Другой достал из-под кормовой банки какой-то сверток и стал развертывать его. Это оказался баркасный андреевский флаг. Японец успел только улыбнуться своей находке: Нозиков левой рукой выхватил у него флаг, а правой – обнажил свою саблю. На момент противник растерялся. Флаг вместе с пронзившей его саблей полетел в воду и затонул. Сейчас же и сам Нозиков, получивший в плечо удар ружейным прикладом, свалился на банку и стиснул от боли зубы. Потом его насильно втащили на палубу «Маншю-Мару».
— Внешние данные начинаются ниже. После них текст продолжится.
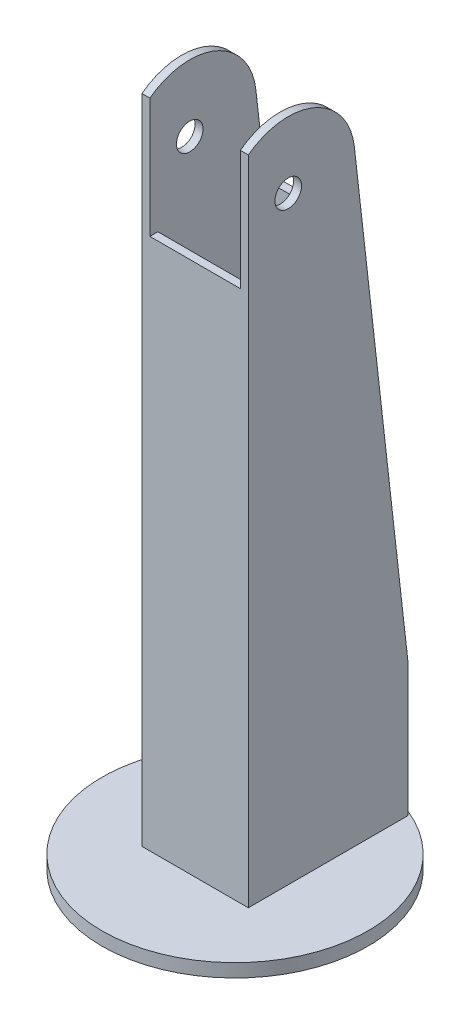
from build123d import *

# Parameters (mm, degrees)
CROQUIS1_W              = 40
CROQUIS1_H              = 60
SALIENTE_EXTRUIR1_DEPTH = 250
CROQUIS2_W              = 34
CROQUIS2_H              = 60
CORTAR_EXTRUIR1_DEPTH   = 50
CROQUIS3_R              = 5
CORTAR_EXTRUIR2_DEPTH   = 255.95097568
CORTAR_EXTRUIR5_DEPTH   = 255.95097568
CROQUIS6_R              = 50
SALIENTE_EXTRUIR2_DEPTH = 5
CROQUIS7_W              = 34
CROQUIS7_H              = 36.99441271
CORTAR_EXTRUIR6_DEPTH   = 221.794021658


with BuildPart() as part:
    # Croquis1 → Saliente-Extruir1 (new body)
    with BuildSketch(Plane(origin=(0, 0, 0), x_dir=(1, 0, 0), z_dir=(0, 1, 0))):
        Rectangle(CROQUIS1_W, CROQUIS1_H)
    extrude(amount=SALIENTE_EXTRUIR1_DEPTH)

    # Croquis2 → Cortar-Extruir1 (cut)
    with BuildSketch(Plane(origin=(0, 250, 0), x_dir=(1, 0, 0), z_dir=(0, 1, 0))):
        Rectangle(CROQUIS2_W, CROQUIS2_H)
    extrude(amount=-CORTAR_EXTRUIR1_DEPTH, mode=Mode.SUBTRACT)

    # Croquis3 → Cortar-Extruir2 (cut, through all)
    with BuildSketch(Plane(origin=(20, 0, 0), x_dir=(0, 0, -1), z_dir=(1, 0, 0))):
        with Locations((-15, 225)):
            Circle(CROQUIS3_R)
    extrude(amount=-CORTAR_EXTRUIR2_DEPTH, mode=Mode.SUBTRACT)

    # Croquis5 → Cortar-Extruir5 (cut, through all)
    with BuildSketch(Plane(origin=(20, 0, 0), x_dir=(0, 0, -1), z_dir=(1, 0, 0))):
        with BuildLine():
            Line((9.840871205, 227.816224024), (30, 50))
            Line((30, 50), (30, 250))
            Line((30, 250), (-15.00000011, 250))
            ThreePointArc((-15.00000011, 250), (1.652243042, 243.646790653), (9.840871205, 227.816224024))
        make_face()
        with BuildLine():
            ThreePointArc((-30, 245), (-22.905694203, 248.717082434), (-15.00000011, 250))
            Line((-15.00000011, 250), (-30, 250))
            Line((-30, 250), (-30, 245))
        make_face()
    extrude(amount=-CORTAR_EXTRUIR5_DEPTH, mode=Mode.SUBTRACT)

    # Croquis6 → Saliente-Extruir2 (add)
    with BuildSketch(Plane.XZ):
        with Locations(Location((0, 15, 0), (0, 0, 270))):
            Circle(CROQUIS6_R)
    extrude(amount=SALIENTE_EXTRUIR2_DEPTH)

    # Croquis7 → Cortar-Extruir6 (cut, through all)
    with BuildSketch(Plane(origin=(0, 200, 0), x_dir=(1, 0, 0), z_dir=(0, 1, 0))):
        with Locations((0, -8.502793645)):
            Rectangle(CROQUIS7_W, CROQUIS7_H)
    extrude(amount=-CORTAR_EXTRUIR6_DEPTH, mode=Mode.SUBTRACT)


solid = part.part
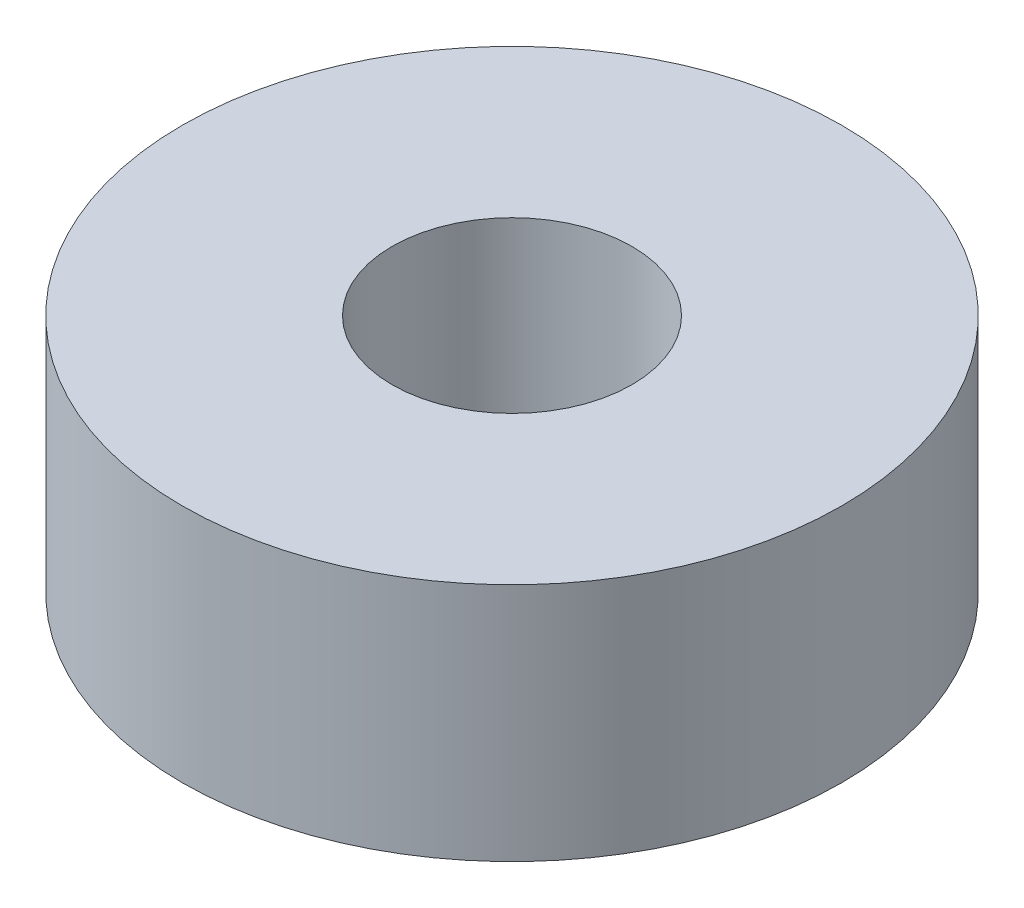
from build123d import *

# Parameters (mm, degrees)
SKETCH_1_R      = 11
SKETCH_1_R_2    = 4
EXTRUDE_1_DEPTH = 8


with BuildPart() as part:
    # 草圖1 → 填料-伸長1 (new body)
    with BuildSketch(Plane(origin=(0, 0, 0), x_dir=(1, 0, 0), z_dir=(0, 1, 0))):
        with Locations(Location((0, 0, 0), (0, 0, 270))):
            Circle(SKETCH_1_R)
        with Locations(Location((0, 0, 0), (0, 0, 270))):
            Circle(SKETCH_1_R_2, mode=Mode.SUBTRACT)
    extrude(amount=EXTRUDE_1_DEPTH)


solid = part.part
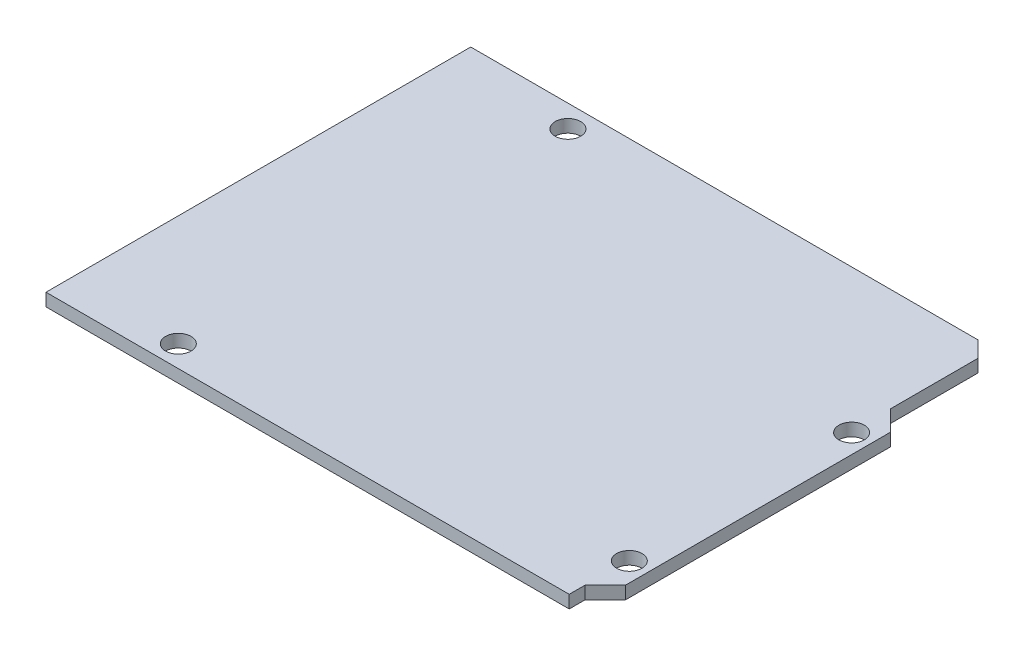
from build123d import *

# Parameters (mm, degrees)
BOSS_EXTRUDE1_DEPTH = 1.6
SKETCH4_R           = 1.6
CUT_EXTRUDE1_DEPTH  = 1.6


with BuildPart() as part:
    # Sketch3 → Boss-Extrude1 (new body)
    with BuildSketch(Plane(origin=(0, 0, 0), x_dir=(1, 0, 0), z_dir=(0, 1, 0))):
        Polygon((-34.1, 26.65), (29.56, 26.65), (31.56, 24.65), (31.56, 13.7), (34.1, 11.16), (34.1, -22.11), (31.56, -24.65), (31.56, -26.65), (-34.1, -26.65), align=None)
    extrude(amount=BOSS_EXTRUDE1_DEPTH)

    # Sketch4 → Cut-Extrude1 (cut)
    with BuildSketch(Plane(origin=(0, 1.6, 0), x_dir=(1, 0, 0), z_dir=(0, 1, 0))):
        with Locations(Location((-19.1, 23.85, 0), (0, 0, 270))):
            Circle(SKETCH4_R)
        with Locations(Location((31.7, 8.65, 0), (0, 0, 270))):
            Circle(SKETCH4_R)
        with Locations(Location((31.7, -19.25, 0), (0, 0, 270))):
            Circle(SKETCH4_R)
        with Locations(Location((-20.2, -23.95, 0), (0, 0, 270))):
            Circle(SKETCH4_R)
    extrude(amount=-CUT_EXTRUDE1_DEPTH, mode=Mode.SUBTRACT)


solid = part.part

Среди матросов, державшихся на воде, оказался и обер-аудитор, подполковник Маневский. С посеревшим лицом, в пробковом спасательном поясе, он одной рукой выгребал, стараясь скорее отплыть от гибнущего крейсера, а другой – высоко поднял, словно напоказ, огромный черный портфель. Косые лучи солнца, играли на никелированных углах и застежках портфеля. Какие документы хранились в нем? Отчеты о законченных и начатых судебных процессах и дисциплинарных взысканиях, касающихся команды.
Один из матросов посоветовал ему:
– Бросьте, ваше высокоблагородие, портфель. Без него удобнее будет вам плавать.
– Не могу – здесь официальные бумаги, – ответил обер-аудитор Маневский.
Послышались еще голоса:
– Разве чернильная душа расстанется с документами?
– Не слушайте их, ваше высокоблагородие, этих неучей. Что они понимают?
Дома вам эти бумажки пригодятся для хозяйства.
Обер-аудитор оглядывался на тех, кто бросал ему злые реплики, и примечал их лица. Быть может, в его голове всплывали статьи военно-морского закона, определяющие наказания нижним чинам за оскорбление офицера. Но теперь он сам находился в бедственном положении и, ежась от холода, молчал. Он заботился лишь об одном – как бы сохранить портфель. Все рушилось: погибла 2-я эскадра, а вместе с нею погибли и последние надежды дальневосточной армии.
России больше не на что было рассчитывать, чтобы одолеть противника. Но подполковник Маневский не понимал этого и все еще придавал значение своим пустяковым бумажкам. Качаясь на зыби, он крепко, как знамя, держал над головой портфель, олицетворяя собою бюрократическую власть Российской империи.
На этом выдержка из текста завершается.